As the previous option (and probably everything in software engineering) this one has its own pluses and minuses.
Pros:
- doesn’t require any additional technologies support from the source database
- should be quite easy to implement
- database and message broker don’t know about each other
- since it’s a separate service, transfer logic may be changed without touching source and destination nodes
Cons:
- polling always means some delay, so it’s not so performant
- probably will require changes in the source table
3. Log-based
The third approach is based on the fact that most of the modern databases have their own log of operations. This log is intended for data consistency and may be replayed if the database was shut down incorrectly or on the replica node to keep it synchronized. Each database has its own term for this log: Write-Ahead Log for Postgres, Binary Log in MySQL, OpLog in Mongo, but the purpose is the same. As this log works for data replication, it also fits well for Change Data Capture, because the task is almost the same.
As always there are some pros and cons here.
Pros:
- near-real time performance
- no need to do additional requests to the database, since it works on the lower level
- no need to change table schema
- no dependency between the database and the message broker
Cons:
- log-tailing should be implemented for each database you have
- as it works on the lower level comparing to the poll-based approach, it’s more complicated to implement
Tools
Fortunately, it’s not necessary to always build a CDC-system from scratch. There are several solutions available, which you can choose and adapt for your needs.
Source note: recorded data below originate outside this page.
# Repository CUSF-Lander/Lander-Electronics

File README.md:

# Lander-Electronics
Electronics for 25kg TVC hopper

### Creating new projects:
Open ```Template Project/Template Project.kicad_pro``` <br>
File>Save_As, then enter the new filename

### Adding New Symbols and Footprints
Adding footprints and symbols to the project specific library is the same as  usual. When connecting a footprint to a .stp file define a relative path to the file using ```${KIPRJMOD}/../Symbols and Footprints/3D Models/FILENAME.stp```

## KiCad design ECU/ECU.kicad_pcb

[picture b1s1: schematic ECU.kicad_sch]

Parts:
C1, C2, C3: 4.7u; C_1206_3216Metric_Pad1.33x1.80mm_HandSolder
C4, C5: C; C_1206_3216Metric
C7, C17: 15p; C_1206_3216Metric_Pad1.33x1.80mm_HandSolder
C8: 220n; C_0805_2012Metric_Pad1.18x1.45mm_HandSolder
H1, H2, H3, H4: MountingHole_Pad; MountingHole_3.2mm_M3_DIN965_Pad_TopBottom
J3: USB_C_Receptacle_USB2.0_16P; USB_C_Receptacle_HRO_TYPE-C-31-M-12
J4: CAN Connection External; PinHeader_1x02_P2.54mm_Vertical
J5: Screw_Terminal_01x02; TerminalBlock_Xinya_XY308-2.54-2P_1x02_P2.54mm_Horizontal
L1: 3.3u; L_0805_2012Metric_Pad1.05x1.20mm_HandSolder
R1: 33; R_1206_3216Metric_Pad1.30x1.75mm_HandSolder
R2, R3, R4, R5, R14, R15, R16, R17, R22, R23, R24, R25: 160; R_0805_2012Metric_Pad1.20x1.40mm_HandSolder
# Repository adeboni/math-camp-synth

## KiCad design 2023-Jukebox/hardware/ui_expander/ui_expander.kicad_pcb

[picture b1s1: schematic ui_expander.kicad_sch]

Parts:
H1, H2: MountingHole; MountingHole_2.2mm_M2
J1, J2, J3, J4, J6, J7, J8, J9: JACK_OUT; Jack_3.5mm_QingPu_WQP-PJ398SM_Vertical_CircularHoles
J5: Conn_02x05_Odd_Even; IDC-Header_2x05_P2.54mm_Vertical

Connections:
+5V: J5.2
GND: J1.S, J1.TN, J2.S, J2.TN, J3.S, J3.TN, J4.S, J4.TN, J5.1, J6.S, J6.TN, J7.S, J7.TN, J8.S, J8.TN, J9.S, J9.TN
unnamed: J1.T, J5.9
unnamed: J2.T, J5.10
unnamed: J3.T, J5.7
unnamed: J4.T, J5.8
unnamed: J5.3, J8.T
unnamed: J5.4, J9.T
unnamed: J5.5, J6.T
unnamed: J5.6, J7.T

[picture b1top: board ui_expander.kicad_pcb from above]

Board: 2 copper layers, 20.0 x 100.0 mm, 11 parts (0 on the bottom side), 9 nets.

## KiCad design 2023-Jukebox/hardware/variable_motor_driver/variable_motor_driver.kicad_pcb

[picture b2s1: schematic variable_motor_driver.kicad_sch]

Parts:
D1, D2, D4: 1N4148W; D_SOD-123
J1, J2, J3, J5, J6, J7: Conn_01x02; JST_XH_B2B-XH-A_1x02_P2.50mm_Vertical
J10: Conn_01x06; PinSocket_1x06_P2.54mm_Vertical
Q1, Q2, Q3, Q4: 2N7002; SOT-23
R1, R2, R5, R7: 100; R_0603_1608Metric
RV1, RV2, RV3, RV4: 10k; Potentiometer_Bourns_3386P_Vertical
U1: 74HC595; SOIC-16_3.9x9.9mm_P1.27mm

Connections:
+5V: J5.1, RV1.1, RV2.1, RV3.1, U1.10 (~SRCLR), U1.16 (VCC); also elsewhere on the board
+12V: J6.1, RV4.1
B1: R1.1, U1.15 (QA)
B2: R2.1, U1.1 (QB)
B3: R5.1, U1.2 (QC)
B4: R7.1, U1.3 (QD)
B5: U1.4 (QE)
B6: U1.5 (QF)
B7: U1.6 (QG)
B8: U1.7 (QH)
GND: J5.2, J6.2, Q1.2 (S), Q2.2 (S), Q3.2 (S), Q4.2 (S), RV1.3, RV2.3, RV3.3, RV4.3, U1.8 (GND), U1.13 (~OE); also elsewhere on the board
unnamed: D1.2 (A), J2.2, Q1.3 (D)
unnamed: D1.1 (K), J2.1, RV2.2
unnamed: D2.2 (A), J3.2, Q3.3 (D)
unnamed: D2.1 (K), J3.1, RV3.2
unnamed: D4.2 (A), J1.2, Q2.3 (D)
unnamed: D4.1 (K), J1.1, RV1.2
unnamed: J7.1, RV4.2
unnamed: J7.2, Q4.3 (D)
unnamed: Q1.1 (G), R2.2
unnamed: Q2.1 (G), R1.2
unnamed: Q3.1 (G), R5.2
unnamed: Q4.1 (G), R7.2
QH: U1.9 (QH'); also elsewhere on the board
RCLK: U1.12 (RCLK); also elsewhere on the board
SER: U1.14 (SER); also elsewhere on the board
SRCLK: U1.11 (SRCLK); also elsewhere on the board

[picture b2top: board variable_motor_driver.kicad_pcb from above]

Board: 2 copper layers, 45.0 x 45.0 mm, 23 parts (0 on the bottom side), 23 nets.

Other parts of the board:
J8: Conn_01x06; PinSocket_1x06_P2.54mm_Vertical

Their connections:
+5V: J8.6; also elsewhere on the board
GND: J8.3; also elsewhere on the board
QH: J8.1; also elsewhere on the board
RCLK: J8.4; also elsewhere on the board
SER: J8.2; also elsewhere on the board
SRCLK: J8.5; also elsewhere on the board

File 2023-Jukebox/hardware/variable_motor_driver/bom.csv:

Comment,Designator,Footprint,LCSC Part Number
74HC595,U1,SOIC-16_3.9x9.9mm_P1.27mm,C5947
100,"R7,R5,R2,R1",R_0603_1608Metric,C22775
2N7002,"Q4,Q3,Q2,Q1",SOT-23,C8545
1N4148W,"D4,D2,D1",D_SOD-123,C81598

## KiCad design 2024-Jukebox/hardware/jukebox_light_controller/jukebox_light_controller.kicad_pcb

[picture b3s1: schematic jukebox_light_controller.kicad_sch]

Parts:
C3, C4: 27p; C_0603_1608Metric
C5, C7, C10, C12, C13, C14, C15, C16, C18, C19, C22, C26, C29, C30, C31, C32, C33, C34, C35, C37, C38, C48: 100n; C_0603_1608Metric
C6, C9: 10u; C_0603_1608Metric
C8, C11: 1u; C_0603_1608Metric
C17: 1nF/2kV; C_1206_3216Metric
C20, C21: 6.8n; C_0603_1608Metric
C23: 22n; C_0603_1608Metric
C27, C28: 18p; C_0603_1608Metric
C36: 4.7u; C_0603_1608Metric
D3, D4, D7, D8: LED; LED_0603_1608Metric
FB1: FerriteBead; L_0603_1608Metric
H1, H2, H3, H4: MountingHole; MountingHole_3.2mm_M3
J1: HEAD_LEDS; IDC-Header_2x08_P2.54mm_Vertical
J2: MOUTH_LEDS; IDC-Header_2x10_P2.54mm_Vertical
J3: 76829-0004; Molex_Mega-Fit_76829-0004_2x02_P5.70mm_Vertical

Debezium is the most popular product on this market. It’s free, open-sourced, distributed and fast. Debezium is built on top of Apache Kafka and supports monitoring Postres, MySQL, MongoDB and SQL Server. Also there are preview versions of Oracle and Cassandra connectors.
Precisely is a company that provides a lot of tools and services for data integration. And one of its services is Connect, a tool that allows both batch and real-time data ingestion. The list of supported storage is big and includes not only all the popular relational databases, but also some legacy storages and even semi-structured data sources.
Meroxa is a data-orchestration platform with a built-in data-application framework Turbine, which promises you to take all the data streaming and integration responsibilities and allow developers to focus on their domain. It supports PostgreSQL, MySQL, MongoDB, Microsoft SQL Server, ElasticSearch and Azure Cosmos DB as sources and several options for destinations, like Snowflake, Redshift or another database.
At most once
If we try to imagine the simplest implementation of Message Relay, its work will include several steps:
- read new records from the events table
- push them to the message broker
- mark them as synchronized to ignore them next time
But nobody can guarantee that nothing will happen between the second and the third steps. The service may crash and after restart it will push the same events one more time. That’s why most of the tool and custom implementations provide only “at least once” guarantee. Even though it’s possible to implement “at most once” there also, but it will be non-trivial and may affect the performance, so if you want it, it’s better to leave it for the consumer (and this is a separate topic :) )
Conclusion
Which way to choose? It always should depend on your tasks requirements. If you want to have full control over the implementation, avoid vendor-lock and a small delay in event processing is not crucial, then probably a poll-based option is for you. The log-based option will give you better performance and reduce load on the database by avoiding repeating requests, but you will likely rely on some third-party solution. In any case having a reliable CDC-system in your architecture may be very important and help you building your distributed system more effectively.